[Source records]
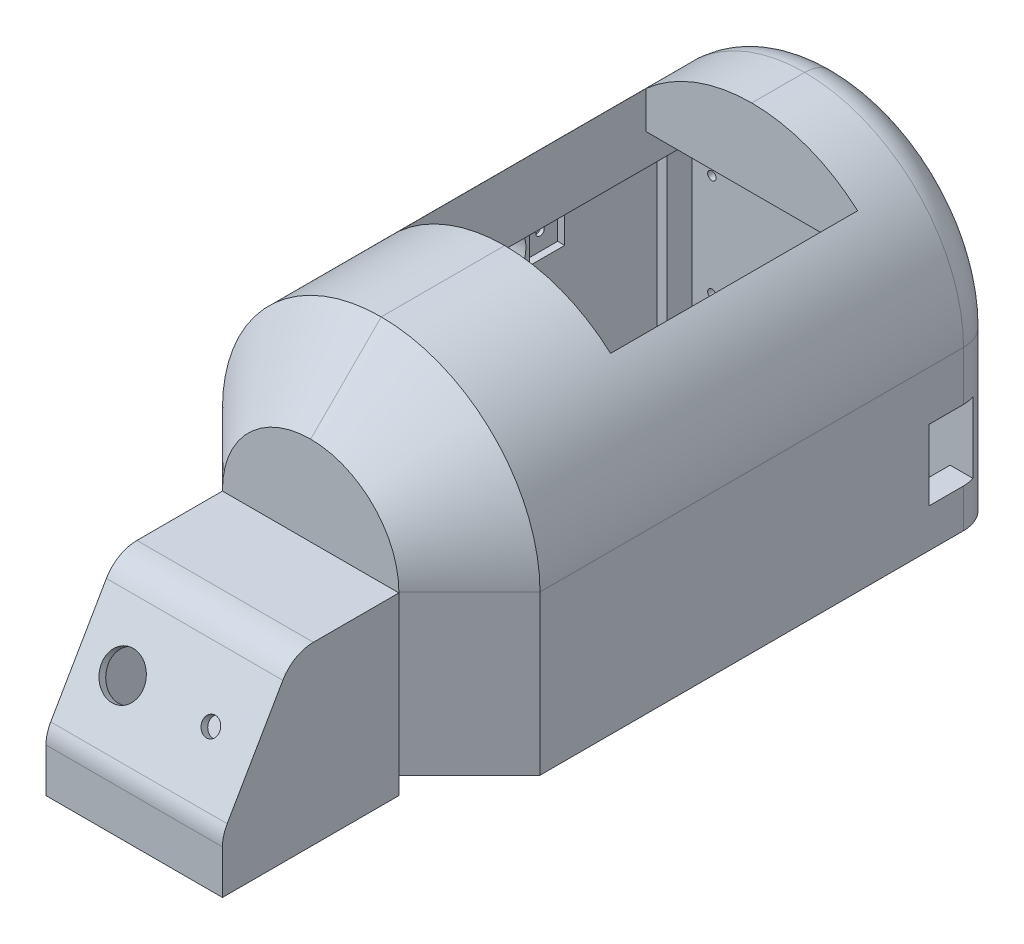
SolidWorks part; units mm, degrees
ref_plane "Piano frontale" through (0, 0, 0) normal (0, 0, 1) x (1, 0, 0)
ref_plane "Piano superiore" through (0, 0, 0) normal (0, 1, 0) x (1, 0, 0)
ref_plane "Piano destro" through (0, 0, 0) normal (1, 0, 0) x (0, 0, -1)
sketch "Schizzo1" plane through (0, 0, 0) normal (0, 1, 0) x (1, 0, 0)
  line L1 (-45, -75) -> (45, -75)
  line L2 (-45, -75) -> (-45, 75)
  line L3 (-45, 75) -> (45, 75)
  line L4 (45, -75) -> (45, 75)
  line L5 (-45, -75) -> (45, 75) construction
  line L6 (-45, 75) -> (45, -75) construction
  point P0 (0, 0)
  dimension "D1" = 90
  dimension "D2" = 150
extrude "Estrusione-Estrusione1" add sketch "Schizzo1" along normal blind 90
sketch "Schizzo4" plane through (0, 90, 0) normal (0, 1, 0) x (1, 0, 0)
  line L1 (-30, -20) -> (30, -20)
  line L2 (-30, -20) -> (-30, 50)
  line L3 (-30, 50) -> (30, 50)
  line L4 (30, -20) -> (30, 50)
  point P0 (0, 0)
  dimension "D1" = 60
  dimension "D2" = 70
  dimension "D3" = 50
extrude "Taglio-Estrusione2" cut sketch "Schizzo4" against normal blind 90
fillet "Raccordo5" radius 45 1 edges at (-45, 90, 0)
fillet "Raccordo6" radius 45 1 edges at (45, 90, 0)
chamfer "Smusso2" distance 20 angle 45 4 edges at (45, 22.5, 75) (31.8198, 76.8198, 75) (-45, 22.5, 75) (-31.8198, 76.8198, 75)
sketch "Schizzo7" plane through (0, 0, 75) normal (0, 0, 1) x (1, 0, 0)
  line L0 (25, 0) -> (25, 45) construction
  line L1 (-25, 0) -> (25, 0)
  line L2 (-25, 0) -> (-25, 44.7532)
  line L3 (-25, 44.7532) -> (25, 44.7532)
  line L4 (25, 0) -> (25, 44.7532)
extrude "Estrusione-Estrusione2" add sketch "Schizzo7" along normal blind 50
chamfer "Smusso3" distance 20 angle 60 1 edges at (0, 44.7532, 125) first distance on face at (0, 44.7532, 100)
fillet "Raccordo7" radius 10 1 edges at (0, 44.7532, 105)
fillet "Raccordo8" radius 10 1 edges at (0, 10.1122, 125)
sketch "Schizzo9" plane through (0, 0, 0) normal (0, -1, 0) x (1, 0, 0)
  line L0 (-25, 75) -> (25, 75)
  line L1 (25, 75) -> (25, 125)
  line L2 (25, 125) -> (-25, 125)
  line L3 (-25, 125) -> (-25, 75)
extrude "Estrusione-Estrusione3" add sketch "Schizzo9" along normal blind 5
fillet "Raccordo9" radius 10 4 edges at (-45, 22.5, -75) (45, 22.5, -75) (31.8198, 76.8198, -75) (-31.8198, 76.8198, -75)
sketch "Schizzo13" plane through (0, 0, 20) normal (0, 0, -1) x (-1, 0, 0)
  line L0 (30, 0) -> (-30, 0) construction
  line L1 (-22.5, 0) -> (22.5, 0)
  line L2 (-22.5, 0) -> (-22.5, 38.416)
  line L3 (-22.5, 38.416) -> (22.5, 38.416)
  line L4 (22.5, 0) -> (22.5, 38.416)
  line L5 (-30, 0) -> (-30, 78.541) construction
  line L6 (30, 0) -> (30, 78.541) construction
  dimension "D1" = 7.5
  dimension "D2" = 7.5
extrude "Taglio-Estrusione3" cut sketch "Schizzo13" against normal blind 79.9783
sketch "Schizzo14" plane through (30, 0, 0) normal (-1, 0, 0) x (0, 0, 1)
  line L0 (-15, 78.541) -> (-15, 0) construction
  line L1 (20, 78.541) -> (-50, 78.541) construction
  line L2 (20, 0) -> (-50, 0) construction
  line L4 (-61.2099, 0) -> (56.6346, 0)
  line L5 (-61.2099, 0) -> (-61.2099, 59.041)
  line L6 (-61.2099, 59.041) -> (56.6346, 59.041)
  line L7 (56.6346, 0) -> (56.6346, 59.041)
extrude "Taglio-Estrusione4" cut sketch "Schizzo14" against normal blind 8
ref_axis "Assi1" through (0, 90, -65) along (0, 0, 1)
ref_axis "Assi2" through (25, 44.7532, 75) along (-1, 0, 0)
ref_plane "Piano1" through (0, 0, 0) normal (1, 0, 0) x (0, 0, -1)
mirror "Specchia1" about plane through (0, 0, 0) normal (1, 0, 0) of "Taglio-Estrusione4"
sketch "Schizzo16" plane through (0, 59.041, 0) normal (0, -1, 0) x (1, 0, 0)
  line L0 (30, -15) -> (38, -15) construction
  line L1 (30, 20) -> (30, -50) construction
  line L2 (38, 56.6346) -> (38, -61.2099) construction
  line L3 (34, -61.2099) -> (34, 49.6139) construction
  line L4 (38, -61.2099) -> (30, -61.2099) construction
  line L6 (30, -25) -> (34, -25)
  line L7 (30, -25) -> (30, -5)
  line L8 (30, -5) -> (34, -5)
  line L9 (34, -25) -> (34, -5)
  point P10 (34, -15)
  dimension "D1" = 20
sketch "Schizzo18" plane through (30, 0, 0) normal (-1, 0, 0) x (0, 0, 1)
  circle A0 centre (-15, 48.541) radius 5
  dimension "D1" = 10
extrude "Taglio-Estrusione5" cut sketch "Schizzo18" against normal blind 9
extrude "Taglio-Estrusione7" cut sketch "Schizzo16" against normal blind 2 contours L9 L8 L7 L6
sketch "Schizzo23" plane through (0, 0, 0) normal (0, -1, 0) x (1, 0, 0)
  line L1 (-38, -61.2099) -> (38, -61.2099)
  line L2 (-38, -61.2099) -> (-38, 56.6346)
  line L3 (-38, 56.6346) -> (38, 56.6346)
  line L4 (38, -61.2099) -> (38, 56.6346)
extrude "Taglio-Estrusione8" cut sketch "Schizzo23" against normal blind 38
hole_wizard "Foro per Vite M2-2" positions "Schizzo24" profile "Schizzo25" hole size "M2" standard "ISO"
sketch "Schizzo24" plane through (0, 0, 0) normal (0, -1, 0) x (-1, 0, 0)
  line L0 (0, 75) -> (0, -75) construction
  line L1 (-35, 75) -> (35, 75) construction
  line L2 (22.5, -75) -> (-22.5, -75) construction
  line L4 (0, 0) -> (53.8934, 0) construction
  line L5 (25, -75) -> (45, -55) construction
  line L6 (45, 65) -> (45, -55) construction
  line L8 (-45, -55) -> (-25, -75) construction
  line L9 (-45, -55) -> (-45, 65) construction
  point P0 (40, 67)
  point P2 (30, -61.5147)
  point P4 (-30, -61.5147)
  point P19 (-40, 67)
  point P33 (-41.5, 5)
  point P35 (41.5, 5)
  dimension "D1" = 40
  dimension "D2" = 40
  dimension "D3" = 8
  dimension "D4" = 8
  dimension "D5" = 6
  dimension "D6" = 15
  dimension "D7" = 6
  dimension "D8" = 15
  dimension "D9" = 3.5
  dimension "D10" = 3.5
  dimension "D11" = 70
  dimension "D12" = 70
sketch "Schizzo25" plane through (-40, 0, -67) normal (1, 0, 0) x (0, 0, -1)
  line L0 (0, 0) -> (0, 4)
  line L1 (0, 4) -> (1.2, 4)
  line L2 (1.2, 4) -> (1.2, 0)
  line L5 (1.2, 0) -> (0, 0)
  line L10 (0, 4) -> (-1.2, 4) construction
  line L11 (0, -6.35) -> (0, 107.95) construction
  dimension "Hole Dia." = 2.4
  dimension "Hole Depth" = 4
  dimension "Drill Angle" = 180
hole_wizard "Foro per Vite M4-1" positions "Schizzo3D1" profile "Schizzo26" hole size "M4" standard "ISO"
sketch3d "Schizzo3D1"
  line L0 (-25, -5, 125) -> (-25, -5, 75) construction
  line L3 (-22.5, 0, 99.9783) -> (-22.5, -16.7046, 99.9783) construction
  line L5 (-22.5, 0, 99.9783) -> (18.7748, 0, 99.9783) construction
  line L6 (22.5, 0, 99.9783) -> (-22.5, 0, 99.9783) construction
  point P0 (0, -5, 84.7796)
  dimension "D1" = 25
  dimension "D2" = 16
sketch "Schizzo26" plane through (0, -5, 84.7796) normal (1, 0, 0) x (0, 0, -1)
  line L0 (0, 0) -> (0, 10)
  line L1 (0, 10) -> (2.25, 10)
  line L2 (2.25, 10) -> (2.25, 0)
  line L5 (2.25, 0) -> (0, 0)
  line L10 (0, 10) -> (-2.25, 10) construction
  line L11 (0, -6.35) -> (0, 107.95) construction
  dimension "Hole Dia." = 4.5
  dimension "Hole Depth" = 10
  dimension "Drill Angle" = 180
sketch "Schizzo29" plane through (0, 38, 0) normal (0, -1, 0) x (1, 0, 0)
  line L1 (-30, -50) -> (30, -50)
  line L2 (-30, -50) -> (-30, -61.2099)
  line L3 (-30, -61.2099) -> (30, -61.2099)
  line L4 (30, -50) -> (30, -61.2099)
extrude "Taglio-Estrusione9" cut sketch "Schizzo29" against normal blind 30
sketch "Schizzo30" plane through (0, 0, -61.2099) normal (0, 0, 1) x (1, 0, 0)
  line L0 (38, 55.7788) -> (-32, 55.7788)
  line L1 (38, 59.041) -> (38, 0) construction
  line L2 (-32, 55.7788) -> (-32, 3.7788)
  line L3 (-32, 3.7788) -> (38, 3.7788)
  line L4 (38, 3.7788) -> (38, 55.7788)
  dimension "D1" = 70
  dimension "D2" = 52
extrude "Taglio-Estrusione10" cut sketch "Schizzo30" against normal blind 7
hole_wizard "Foro per Vite M2-3" positions "Schizzo31" profile "Schizzo32" hole size "M2" standard "ISO"
sketch "Schizzo31" plane through (0, 0, -68.2099) normal (0, 0, 1) x (1, 0, 0)
  point P0 (-29.5, 48.2788)
  point P2 (-29.5, 19.2788)
  point P4 (22.5, 6.2788)
  point P6 (22.5, 53.2788)
sketch "Schizzo32" plane through (-29.5, 48.2788, -68.2099) normal (1, 0, 0) x (0, -1, 0)
  line L0 (0, 0) -> (0, 4.721)
  line L1 (0, 4.721) -> (1.2, 4)
  line L2 (1.2, 4) -> (1.2, 0)
  line L5 (1.2, 0) -> (0, 0)
  line L10 (0, 4.721) -> (-1.2, 4) construction
  line L11 (0, -6.35) -> (0, 107.95) construction
  dimension "Hole Dia." = 2.4
  dimension "Hole Depth" = 4
  dimension "Drill Angle" = 118
sketch "Schizzo33" plane through (38, 0, 0) normal (-1, 0, 0) x (0, 0, 1)
  line L0 (-68.2099, 3.7788) -> (-68.2099, 55.7788) construction
  line L1 (-68.2099, 11) -> (-55.2099, 11)
  line L2 (-68.2099, 11) -> (-68.2099, 31)
  line L3 (-68.2099, 31) -> (-55.2099, 31)
  line L4 (-55.2099, 11) -> (-55.2099, 31)
  line L6 (55, 0) -> (-65, 0) construction
  dimension "D1" = 20
  dimension "D2" = 13
  dimension "D3" = 11
extrude "Taglio-Estrusione11" cut sketch "Schizzo33" against normal blind 36 contours L4 L3 L2 L1
sketch "Schizzo36" plane through (0, 56.6546, 98.1287) normal (0, 0.5, 0.866) x (1, 0, 0)
  line L0 (0, -19.5161) -> (0, -51.0631) construction
  line L1 (25, -19.5161) -> (-25, -19.5161) construction
  line L2 (-25, -51.0631) -> (25, -51.0631) construction
  line L3 (-25, -35.2896) -> (25, -35.2896) construction
  line L4 (-25, -51.0631) -> (-25, -19.5161) construction
  line L5 (25, -19.5161) -> (25, -51.0631) construction
  line L7 (-23.0399, -21.1584) -> (23.0399, -21.1584)
  line L8 (-23.0399, -21.1584) -> (-23.0399, -49.4209)
  line L9 (-23.0399, -49.4209) -> (23.0399, -49.4209)
  line L10 (23.0399, -21.1584) -> (23.0399, -49.4209)
  line L11 (-23.0399, -21.1584) -> (23.0399, -49.4209) construction
  line L12 (-23.0399, -49.4209) -> (23.0399, -21.1584) construction
  point P12 (0, -35.2896)
extrude "Taglio-Estrusione12" cut sketch "Schizzo36" against normal blind 28
sketch "Schizzo37" plane through (23.0399, 0, 0) normal (-1, 0, 0) x (0, 0, 1)
  line L0 (122.8391, 13.8549) -> (108.7079, 38.331)
  line L1 (108.7079, 38.331) -> (106.8091, 37.2347)
  line L2 (84.4592, 24.331) -> (108.7079, 38.331) construction
  line L3 (106.8091, 37.2347) -> (120.9403, 12.7587)
  line L4 (98.5904, -0.1451) -> (122.8391, 13.8549) construction
  line L5 (120.9403, 12.7587) -> (122.8391, 13.8549)
extrude "Estrusione-Estrusione4" add sketch "Schizzo37" along normal up to next
sketch "Schizzo38" plane through (0, 56.6546, 98.1287) normal (0, 0.5, 0.866) x (1, 0, 0)
  line L0 (0, -19.5161) -> (0, -51.0631) construction
  line L3 (25, -19.5161) -> (-25, -19.5161) construction
  line L6 (-25, -51.0631) -> (25, -51.0631) construction
  line L7 (-25, -35.2896) -> (25, -35.2896) construction
  line L8 (-25, -51.0631) -> (-25, -19.5161) construction
  line L9 (25, -19.5161) -> (25, -51.0631) construction
  circle A0 centre (-12.5, -35.2896) radius 6
  circle A1 centre (12.5, -35.2896) radius 2.5
  dimension "D1" = 12
  dimension "D2" = 5
  dimension "D3" = 12.5
extrude "Taglio-Estrusione13" cut sketch "Schizzo38" against normal blind 28
ref_axis "Assi3" through (107.2361, 48.541, -15) along (-1, 0, 0)
sketch "Schizzo39" plane through (-38, 0, 0) normal (1, 0, 0) x (0, 0, -1)
  line L0 (15, 57.9632) -> (15, 37.1322) construction
  line L2 (-5, 53.541) -> (5, 53.541)
  line L3 (-5, 53.541) -> (-5, 43.541)
  line L4 (-5, 43.541) -> (5, 43.541)
  line L5 (5, 53.541) -> (5, 43.541)
  line L6 (-5, 53.541) -> (5, 43.541) construction
  line L7 (-5, 43.541) -> (5, 53.541) construction
  line L8 (25, 53.541) -> (35, 53.541)
  line L9 (25, 53.541) -> (25, 43.541)
  line L10 (25, 43.541) -> (35, 43.541)
  line L11 (35, 53.541) -> (35, 43.541)
  line L12 (25, 53.541) -> (35, 43.541) construction
  line L13 (25, 43.541) -> (35, 53.541) construction
  circle A0 centre (15, 48.541) radius 9
  point P0 (15, 48.541)
  point P6 (0, 48.541)
  point P11 (30, 48.541)
  point P17 (0, 48.541)
  dimension "D1" = 18
  dimension "D2" = 15
  dimension "D3" = 10
  dimension "D4" = 10
  dimension "D5" = 10
  dimension "D6" = 10
extrude "Taglio-Estrusione14" cut sketch "Schizzo39" against normal blind 2
sketch "Schizzo40" plane through (-45, 0, 0) normal (-1, 0, 0) x (0, 0, 1)
  line L0 (-65, 0) -> (55, 0) construction
  line L1 (22, 15) -> (54, 15)
  line L2 (22, 15) -> (22, 5)
  line L3 (22, 5) -> (54, 5)
  line L4 (54, 15) -> (54, 5)
  line L5 (22, 15) -> (54, 5) construction
  line L6 (22, 5) -> (54, 15) construction
  line L7 (55, 0) -> (55, 45) construction
  point P0 (38, 10)
  dimension "D1" = 5
  dimension "D2" = 10
  dimension "D3" = 32
  dimension "D4" = 1
extrude "Taglio-Estrusione15" cut sketch "Schizzo40" against normal blind 10 contours L3 L4 L1 L2
sketch "Schizzo42" plane through (-45, 0, 0) normal (-1, 0, 0) x (0, 0, 1)
  circle A0 centre (-30, 48.541) radius 4
  circle A1 centre (0, 48.541) radius 4
  point P0 (-15, 48.541)
  dimension "D3" = 8
  dimension "D4" = 8
  dimension "D1" = 15
  dimension "D2" = 15
extrude "Taglio-Estrusione16" cut sketch "Schizzo42" against normal blind 3 contours A1 | A0
hole_wizard "Foro svasato per Vite M2-3" positions "Schizzo47" profile "Schizzo48" countersink size "M2" standard "ISO"
sketch "Schizzo47" plane through (-42, 0, 0) normal (-1, 0, 0) x (0, 0, 1)
  point P0 (-30, 48.541)
  point P3 (0, 48.541)
sketch "Schizzo48" plane through (-42, 48.541, -30) normal (0, 1, 0) x (0, 0, 1)
  line L0 (0, 0) -> (0, 6.721)
  line L1 (0, 6.721) -> (1.2, 6)
  line L2 (1.2, 6) -> (1.2, 1)
  line L3 (1.2, 1) -> (2.2, 0)
  line L5 (2.2, 0) -> (0, 0)
  line L6 (-1.2, 1) -> (-2.2, 0) construction
  line L10 (0, 6.721) -> (-1.2, 6) construction
  line L11 (0, -6.35) -> (0, 107.95) construction
  dimension "Hole Dia." = 2.4
  dimension "Hole Depth" = 6
  dimension "Near C'Sink Dia." = 4.4
  dimension "Near C'Sink Angle" = 90
  dimension "Drill Angle" = 118
sketch "Schizzo50" plane through (0, 0, -61.2099) normal (0, 0, 1) x (1, 0, 0)
  line L0 (38, 59.041) -> (38, 55.7788)
  line L1 (38, 55.7788) -> (-32, 55.7788)
  line L2 (-32, 55.7788) -> (-32, 3.7788)
  line L3 (-32, 3.7788) -> (-35.1813, 3.7788)
  line L4 (-35.1813, 3.7788) -> (-35.1813, 59.041)
  line L5 (-38, 59.041) -> (-30, 59.041) construction
  line L6 (-35.1813, 59.041) -> (38, 59.041)
extrude "Taglio-Estrusione18" cut sketch "Schizzo50" against normal blind 7
sketch "Schizzo53" plane through (-40, 0, 0) normal (1, 0, 0) x (0, 0, -1)
  circle A0 centre (15, 48.541) radius 9
  point P0 (15, 48.541)
extrude "Taglio-Estrusione19" cut sketch "Schizzo53" against normal blind 2.75
sketch "Schizzo54" plane through (0, 38, 0) normal (0, -1, 0) x (1, 0, 0)
  line L1 (30, 20) -> (-30, 20)
  line L2 (30, 20) -> (30, 56.6346)
  line L3 (30, 56.6346) -> (-30, 56.6346)
  line L4 (-30, 20) -> (-30, 56.6346)
extrude "Taglio-Estrusione20" cut sketch "Schizzo54" against normal blind 24.75

→ Task description:
Could you write out, exactly as they stand, only the lines above that begin at the line with "line L3 (-45, 75) -> (45, 75)" and stop after the line with "line L2 (-30, -20) -> (-30, 50)"?

→ The answer:
  line L3 (-45, 75) -> (45, 75)
  line L4 (45, -75) -> (45, 75)
  line L5 (-45, -75) -> (45, 75) construction
  line L6 (-45, 75) -> (45, -75) construction
  point P0 (0, 0)
  dimension "D1" = 90
  dimension "D2" = 150
extrude "Estrusione-Estrusione1" add sketch "Schizzo1" along normal blind 90
sketch "Schizzo4" plane through (0, 90, 0) normal (0, 1, 0) x (1, 0, 0)
  line L1 (-30, -20) -> (30, -20)
  line L2 (-30, -20) -> (-30, 50)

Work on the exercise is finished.